Reading Time: 6 minutes

Game Details

Title: Thief Simulator
Developer: Noble Muffins
Publisher: Forever Entertainment
Genre: Simulation, Strategy, Stealth
Platform: Nintendo Switch
Audience: 18+
Release Date: 16/05/2019
Price: £17.99 – Rapid Reviews UK were very kindly provided with a review code for this title.

What Developers say

A good thief always observes his target. What’s inside? Who lives there? What’s your target day schedule? Find out when the house is empty and does it have nosy neighbours. Choose from lots of possible approaches to prepare the best plan. Many modern devices available in Thief Simulator might come in handy with gathering intel about your target and it’s neighbourhood.

The faster, the better. Find and steal as many valuables as possible in the shortest time possible. Remember that infinite backpacks don’t exist. When it’s about time you have to maintain cold blood. In every house you’ll find tons of useless stuff, which can really slow you down. If you’re not sure that you can take some serious money for it, maybe a good idea would be to leave it behind and save space for some expensive goods. If you fill your backpack with worthless items, you may have to waste your time to throw stuff out just to make space for other things. Be careful, cause some things can draw police attention to you!

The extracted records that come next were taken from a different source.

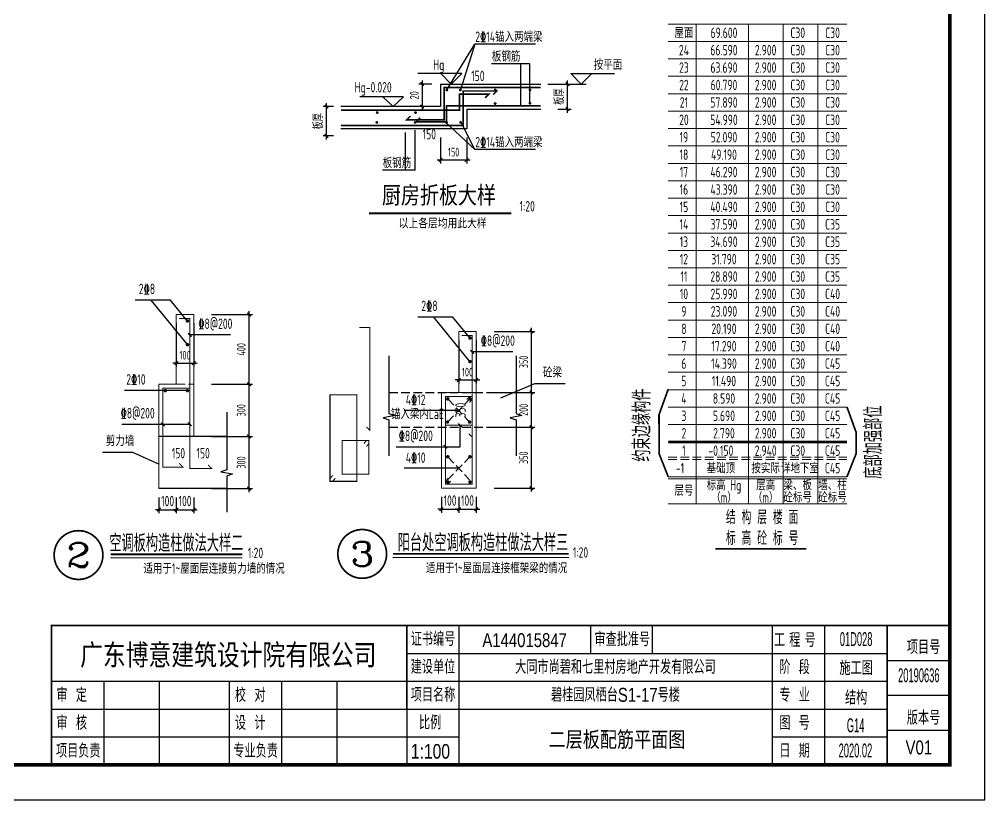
# Model space of a CAD drawing. Extents: x -129922 to 1190196, y -520662 to 139923.
# Drawn here: x 626353 to 654080, y -190743 to -168335 of the extents above; entities that cross this region are included whole.
import ezdxf
from ezdxf.enums import TextEntityAlignment as Align

# ---------------------------------------------------------------- set-up
doc = ezdxf.new("R2010")
doc.units = 0
doc.header["$LTSCALE"] = 1000
doc.header["$MEASUREMENT"] = 0
doc.linetypes.add('DASH', pattern=[0.35, 0.25, -0.1])
for name, color, linetype in [('BEAM', 4, 'DASH'), ('BEAM_CON', 2, 'Continuous'), ('DIM', 3, 'Continuous'), ('DIM_SYMB', 3, 'Continuous'), ('REIN', 1, 'Continuous'), ('TEXT', 7, 'Continuous'), ('THIN', 7, 'Continuous'), ('Y-云图图框', 7, 'Continuous'), ('墙柱编号', 4, 'Continuous'), ('标高', 3, 'Continuous')]:
    doc.layers.add(name, color=color, linetype=linetype)
for name, color, linetype, lineweight in [('COLU_DE', 7, 'Continuous', 0), ('COLU_DE_DIM', 3, 'Continuous', 0), ('COLU_DE_NUM', 7, 'Continuous', 0), ('COLU_DE_REIN', 1, 'Continuous', 0), ('S-板-大样索引', 3, 'Continuous', 20), ('S-板-楼板负筋', 1, 'Continuous', 20), ('S-通用-TEXT', 7, 'Continuous', 20)]:
    doc.layers.add(name, color=color, linetype=linetype, lineweight=lineweight)
doc.styles.add('_YT_Name', font='', dxfattribs={"width": 0.8})
doc.styles.add('_YT_Sign_Text', font='ros.shx', dxfattribs={"width": 0.8, "bigfont": 'hztxt.shx'})
doc.styles.add('COMP', font='COMPLEX.shx', dxfattribs={"bigfont": 'GBCBIG.shx'})
doc.styles.get("Standard").update_dxf_attribs({"font": 'gbenor.shx', "bigfont": 'gbcbig.shx'})
doc.styles.add('TSSD_Dimension', font='tssdeng.shx', dxfattribs={"width": 0.7, "bigfont": 'HZTXT.SHX'})
doc.styles.add('TSSD_DIMENSION_T3', font='Tssdeng.shx', dxfattribs={"width": 0.7, "bigfont": 'hztxt.shx'})
doc.styles.add('TSSD_Label', font='Tssdeng.shx', dxfattribs={"width": 0.7, "bigfont": 'hztxt.shx'})
doc.styles.add('TSSD_NORM', font='tssdeng.shx', dxfattribs={"width": 0.7, "bigfont": 'tssdchn.shx'})
doc.styles.add('TSSD_Rein', font='tssdeng.shx', dxfattribs={"width": 0.7, "bigfont": 'hztxt.shx'})
doc.styles.add('黑体', font='', dxfattribs={"width": 0.8})
doc.styles.get('_YT_Name').set_extended_font_data('SimHei')
doc.styles.get('黑体').set_extended_font_data('SimHei')
doc.dimstyles.new('TSSD_20_100', dxfattribs={"dimtxt": 250, "dimasz": 100, "dimexe": 100, "dimexo": 250, "dimgap": 100, "dimtad": 1, "dimdec": 0, "dimlfac": 0.2, "dimzin": 0, "dimdsep": 46, "dimtxsty": 'TSSD_Dimension', "dimblk": 'ARCHTICK', "dimcen": 0, "dimdle": 100, "dimclrt": 7, "dimadec": 0, "dimazin": 0, "dimtfac": 1, "dimtdec": 0, "dimtix": 1, "dimtmove": 2, "dimatfit": 3, "dimfxl": 0, "dimtolj": 1, "dimtzin": 0, "dimarcsym": 0})
doc.dimstyles.new('TSSD_20_100$TCH&&100', dxfattribs={"dimtxt": 300, "dimasz": 100, "dimexe": 100, "dimexo": 250, "dimgap": 100, "dimtad": 1, "dimdec": 0, "dimlfac": 0.2, "dimzin": 0, "dimdsep": 46, "dimtxsty": 'TSSD_DIMENSION_T3', "dimblk": 'ARCHTICK', "dimcen": 0, "dimdle": 100, "dimclrt": 7, "dimadec": 0, "dimazin": 0, "dimtfac": 1, "dimtdec": 0, "dimtix": 1, "dimtmove": 2, "dimatfit": 3, "dimfxl": 0, "dimtolj": 1, "dimtzin": 0, "dimarcsym": 0})

# ---------------------------------------------------------------- blocks, each defined once
blk = doc.blocks.new('ECMCTK_A1_横_单行图名--0')
for p, q in [((674.98, 50), (674.98, 26)), ((675, 50), (675, 10)), ((689.98, 50), (689.98, 10)), ((727.8, 50), (727.8, 42)), ((745.48, 50), (745.48, 42)), ((780, 50), (780, 10)), ((795, 50), (795, 10)), ((813, 50.01), (831, 50)), ((813, 50.01), (813, 10)), ((675, 42), (813, 42)), ((813, 40.01), (831, 40.01)), ((573, 34), (813, 34)), ((588, 34), (588, 10)), ((604, 10), (604, 34)), ((624, 34), (624, 10)), ((639, 34), (639, 10)), ((655, 10), (655, 34)), ((813, 30.01), (831, 30)), ((573, 26), (813, 26)), ((813, 20), (831, 20)), ((573, 18), (689.96, 18)), ((780, 18), (813, 18))]:
    blk.add_line(p, q)
at = {"color": 4}
blk.add_lwpolyline([(0, 0), (841, 0), (841, 594), (0, 594)], close=True, dxfattribs=at)
for points, const_width in [([(25, 10), (831, 10), (831, 584), (25, 584)], 1), ([(573, 10), (831, 10), (831, 50), (573, 50)], 0.45)]:
    blk.add_lwpolyline(points, close=True, dxfattribs=dict(const_width=const_width))
at = {"const_width": 0.45}
for points in [[(573, 10), (573, 50.01), (813, 50.01)], [(813, 50.01), (813, 10)]]:
    blk.add_lwpolyline(points, dxfattribs=at)
at = {"style": '_YT_Sign_Text', "width": 0.8}
for s, p in [('证书编号', (676.15, 44.14)), ('审查批准号', (728.91, 44.06)), ('工 程 号', (780.47, 43.85)), ('项目号', (818.65, 41.8)), ('建设单位', (676.15, 36.14)), ('阶  段', (782.01, 36.05)), ('审  定', (574.41, 28.05)), ('校  对', (625.66, 28.05)), ('项目名称', (676.15, 28.14)), ('专  业', (782.01, 28.05)), ('版本号', (818.65, 21.55)), ('审  核', (574.41, 20.05)), ('设  计', (625.66, 20.05)), ('比例', (678.54, 20.16)), ('图  号', (782.01, 20.05)), ('项目负责', (574.27, 12.05)), ('专业负责', (625.21, 12.05)), ('日  期', (782.01, 12.05))]:
    blk.add_text(s, height=4, dxfattribs=at).set_placement(p)
at = {"color": 80, "flags": 3}
for tag, height, p in [('YTHQINS', 3, (34.31, 585.5)), ('ECMCKEY', 3, (292.07, 288.23)), ('YTTQINS', 5.62, (848.03, 12.81)), ('YTFRAME', 3, (652.76, 5.84)), ('YTBARCODE_T1', 3, (749.78, 5.95))]:
    blk.add_attdef(tag, text='', height=height, dxfattribs=at).set_placement(p, align=Align.MIDDLE_CENTER)
for tag, height, style, width, p in [('证书编号', 4, '_YT_Sign_Text', 0.8, (708.87, 43.81)), ('审查批准号', 4, '_YT_Sign_Text', 0.8, (761.06, 43.81)), ('工程号', 4, '_YT_Sign_Text', 0.5, (804.08, 44.12)), ('设计单位', 6, '_YT_Name', 0.8, (623.75, 38.6)), ('建设单位', 4, '_YT_Sign_Text', 0.8, (734.96, 36.11)), ('阶段', 4, '_YT_Sign_Text', 0.8, (804.08, 35.81)), ('项目号', 4, '_YT_Sign_Text', 0.5, (822.08, 33.72)), ('项目名称', 4, '_YT_Sign_Text', 0.8, (734.96, 28.11)), ('专业', 4, '_YT_Sign_Text', 0.8, (804.08, 27.31)), ('图纸编号', 4, '_YT_Sign_Text', 0.5, (803.93, 19.36)), ('图纸名称', 4.5, '_YT_Name', 0.8, (735.39, 15.06)), ('版本号', 4, '_YT_Sign_Text', 0.8, (822.08, 13)), ('出图比例', 4.2, '_YT_Sign_Text', 0.8, (681.82, 11.78)), ('日期', 4, '_YT_Sign_Text', 0.5, (803.88, 12.13))]:
    blk.add_attdef(tag, text='', height=height, dxfattribs=dict(style=style, width=width)).set_placement(p, align=Align.CENTER)
at = {"style": '_YT_Sign_Text', "width": 0.8, "flags": 3}
for tag, p, height in [('{审定人}', (605.87, 26.45), 6.24), ('{校对人}', (658.35, 26.53), 6.24), ('[审定人]', (590.95, 27.81), 4.1), ('[校对人]', (642.23, 27.82), 4.1), ('{审核人}', (606.98, 18.44), 6.24), ('{设计人}', (658.48, 18.54), 6.24), ('[审核人]', (591.01, 19.76), 4.1), ('[设计人]', (642.47, 20.21), 4.1), ('{项目负责人}', (608.28, 10.72), 6.24), ('{专业负责人}', (658.58, 10.36), 6.24), ('[项目负责人]', (590.78, 12.01), 4.1), ('[专业负责人]', (642.74, 11.77), 4.1)]:
    blk.add_attdef(tag, p, '', height=height, dxfattribs=at)
at = {"color": 80, "flags": 3}
for tag, p in [('YTQRCODE', (551.04, 11.91)), ('YTBZSIT', (25, 10)), ('EXT_TK_LEFT', (25, 10))]:
    blk.add_attdef(tag, p, '', height=3, dxfattribs=at)
blk = doc.blocks.new('27F')
at = {"layer": 'S-通用-TEXT'}
for p, q in [((1009, 15068), (6141, 15068)), ((1809, 15068), (1809, 1293)), ((3309, 15068), (3309, 1293)), ((4309, 1293), (4309, 15068)), ((5309, 1293), (5309, 15068)), ((1009, 14568), (6141, 14568)), ((1009, 14068), (6141, 14068)), ((1009, 13568), (6141, 13568)), ((1009, 13068), (6141, 13068)), ((1009, 12568), (6141, 12568)), ((1009, 12068), (6141, 12068)), ((1009, 11568), (6141, 11568)), ((1009, 11068), (6141, 11068)), ((1009, 10568), (6141, 10568)), ((1009, 10068), (6141, 10068)), ((1009, 9568), (6141, 9568)), ((1009, 9068), (6141, 9068)), ((1009, 8568), (6141, 8568)), ((1009, 8068), (6141, 8068)), ((1009, 7568), (6141, 7568)), ((1009, 7068), (6141, 7068)), ((1009, 6568), (6141, 6568)), ((1009, 6068), (6141, 6068)), ((1009, 5568), (6141, 5568)), ((1009, 5068), (6141, 5068)), ((1009, 4568), (6141, 4568)), ((1009, 4068), (6141, 4068)), ((1009, 3568), (6141, 3568)), ((1009, 3068), (6141, 3068)), ((1009, 2068), (6141, 2068)), ((1009, 2007), (6141, 2007)), ((1009, 1293), (6141, 1293))]:
    blk.add_line(p, q, dxfattribs=at)
at = {"layer": 'S-通用-TEXT', "linetype": 'DASH'}
for p, q in [((1009, 2629), (6141, 2629)), ((1009, 2568), (6141, 2568)), ((1009, 2568), (6141, 2568)), ((1009, 2568), (6141, 2568))]:
    blk.add_line(p, q, dxfattribs=at)
at = {"layer": 'S-通用-TEXT'}
for points in [[(1009, 4586, 50, 50, 0), (744, 3854, 50, 50, 0), (745, 2735, 50, 50, 0), (1009, 2068, 0, 0, 0)], [(6141, 4074, 50, 50, 0), (6406, 3342, 50, 50, 0), (6406, 2735, 50, 50, 0), (6141, 2068, 0, 0, 0)]]:
    blk.add_lwpolyline(points, format="xyseb", dxfattribs=at)
at = {"layer": 'S-通用-TEXT', "const_width": 50}
blk.add_lwpolyline([(2361, 0), (4977, 0)], dxfattribs=at)
at = {"layer": 'S-通用-TEXT', "style": 'TSSD_Rein', "width": 0.7}
for s, p in [('屋面', (1459, 14818)), ('69.600', (2609, 14818)), ('C30', (4728, 14818)), ('C30', (5728, 14818)), ('24', (1459, 14318)), ('66.590', (2609, 14318)), ('2.900', (3806, 14318)), ('C30', (4728, 14318)), ('C30', (5728, 14318)), ('23', (1459, 13818)), ('63.690', (2609, 13818)), ('2.900', (3806, 13818)), ('C30', (4728, 13818)), ('C30', (5728, 13818)), ('22', (1459, 13318)), ('60.790', (2609, 13318)), ('2.900', (3806, 13318)), ('C30', (4728, 13318)), ('C30', (5728, 13318)), ('21', (1459, 12818)), ('57.890', (2609, 12818)), ('2.900', (3806, 12818)), ('C30', (4728, 12818)), ('C30', (5728, 12818)), ('20', (1459, 12318)), ('54.990', (2609, 12318)), ('2.900', (3806, 12318)), ('C30', (4728, 12318)), ('C30', (5728, 12318)), ('19', (1459, 11818)), ('52.090', (2609, 11818)), ('2.900', (3806, 11818)), ('C30', (4728, 11818)), ('C30', (5728, 11818)), ('18', (1459, 11318)), ('49.190', (2609, 11318)), ('2.900', (3806, 11318)), ('C30', (4728, 11318)), ('C30', (5728, 11318)), ('17', (1459, 10818)), ('46.290', (2609, 10818)), ('2.900', (3806, 10818)), ('C30', (4728, 10818)), ('C30', (5728, 10818)), ('16', (1459, 10318)), ('43.390', (2609, 10318)), ('2.900', (3806, 10318)), ('C30', (4728, 10318)), ('C30', (5728, 10318)), ('15', (1459, 9818)), ('40.490', (2609, 9818)), ('2.900', (3806, 9818)), ('C30', (4728, 9818)), ('C30', (5728, 9818)), ('14', (1459, 9318)), ('37.590', (2609, 9318)), ('2.900', (3806, 9318)), ('C30', (4728, 9318)), ('13', (1459, 8818)), ('34.690', (2609, 8818)), ('2.900', (3806, 8818)), ('C30', (4728, 8818)), ('12', (1459, 8318)), ('31.790', (2609, 8318)), ('2.900', (3806, 8318)), ('C30', (4728, 8318)), ('11', (1459, 7818)), ('28.890', (2609, 7818)), ('2.900', (3806, 7818)), ('C30', (4728, 7818)), ('10', (1459, 7318)), ('25.990', (2609, 7318)), ('2.900', (3806, 7318)), ('C30', (4728, 7318)), ('C40', (5728, 7318)), ('9', (1459, 6818)), ('23.090', (2609, 6818)), ('2.900', (3806, 6818)), ('C30', (4728, 6818)), ('C40', (5728, 6818)), ('8', (1459, 6318)), ('20.190', (2609, 6318)), ('2.900', (3806, 6318)), ('C30', (4728, 6318)), ('C40', (5728, 6318)), ('7', (1459, 5818)), ('17.290', (2609, 5818)), ('2.900', (3806, 5818)), ('C30', (4728, 5818)), ('C40', (5728, 5818)), ('6', (1459, 5318)), ('14.390', (2609, 5318)), ('2.900', (3806, 5318)), ('C30', (4728, 5318)), ('5', (1459, 4818)), ('11.490', (2609, 4818)), ('2.900', (3806, 4818)), ('C30', (4728, 4818)), ('4', (1459, 4318)), ('8.590', (2609, 4318)), ('2.900', (3806, 4318)), ('C30', (4728, 4318)), ('3', (1459, 3818)), ('5.690', (2609, 3818)), ('2.900', (3806, 3818)), ('C30', (4728, 3818)), ('2', (1459, 3318)), ('2.790', (2609, 3318)), ('2.900', (3806, 3318)), ('C30', (4728, 3318)), ('1', (1459, 2818)), ('-0.150', (2520, 2818)), ('2.940', (3806, 2818)), ('C30', (4728, 2818)), ('基础顶', (2520, 2318)), ('按实际', (3806, 2318)), ('详地下室', (4792, 2318)), ('-1', (1349, 2318)), ('标高 Hg', (2609, 1827)), ('层高', (3806, 1827)), ('梁、板', (4726, 1833)), ('墙、柱', (5726, 1833)), ('层号', (1459, 1674)), ('（m）', (2609, 1475)), ('（m）', (3806, 1475)), ('砼标号', (4726, 1480)), ('砼标号', (5726, 1480))]:
    blk.add_text(s, height=300, dxfattribs=at).set_placement(p, align=Align.MIDDLE_CENTER)
at = {"layer": 'S-通用-TEXT', "color": 6, "style": 'TSSD_Rein', "width": 0.7}
for s, p in [('C35', (5728, 9318)), ('C35', (5728, 8818)), ('C35', (5728, 8318)), ('C35', (5728, 7818)), ('C45', (5728, 5318)), ('C45', (5728, 4818)), ('C45', (5728, 4318)), ('C45', (5728, 3818)), ('C45', (5728, 3318)), ('C45', (5728, 2818)), ('C45', (5728, 2318))]:
    blk.add_text(s, height=300, dxfattribs=at).set_placement(p, align=Align.MIDDLE_CENTER)
at = {"layer": 'S-通用-TEXT', "color": 7, "style": 'TSSD_Rein', "width": 0.7}
for s, p in [('约束边缘构件', (500, 2502)), ('底部加强部位', (7150, 2013))]:
    blk.add_text(s, height=500, rotation=90, dxfattribs=at).set_placement(p)
at = {"layer": 'S-通用-TEXT', "style": 'TSSD_NORM', "width": 0.7}
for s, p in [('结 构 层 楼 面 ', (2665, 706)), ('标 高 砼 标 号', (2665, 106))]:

Like most people, I have always been a fan of the kind of game that lets me go anywhere and do anything. I find that I will spend hours doing the most menial of tasks: fishing for example. Whilst I don’t like fishing games, I love fishing in an open world…. I’m aware how odd that sounds. 

Generally, in any game, where I am given the chance to do so, I will spend a significant amount of time stealing. In Skyrim, for example, I will steal anything that isn’t nailed down and, let’s be honest, you know you do too! 

So, when I found out that Forever Entertainment (among my favourite third party Switch Publishers) were publishing Thief Simulator on the Nintendo Switch, I was intrigued. Would the game be a simple collectathon, a prime example of kleptomania in gaming? Or would it be something with a little more nuance, something which required more thought and planning to pull of a big heist? Well, as we shall discover together, Thief Simulator sits somewhere in the middle. 

Visual & Audio

Thief Simulator looks fine (nothing more or less) in both docked and handheld modes on the switch and does not suffer from any major performance issues in either setting. That being said, the game does have some load times that can be a little on the long side. The lack of music during these load screens can exacerbate the feeling of time ebbing away. 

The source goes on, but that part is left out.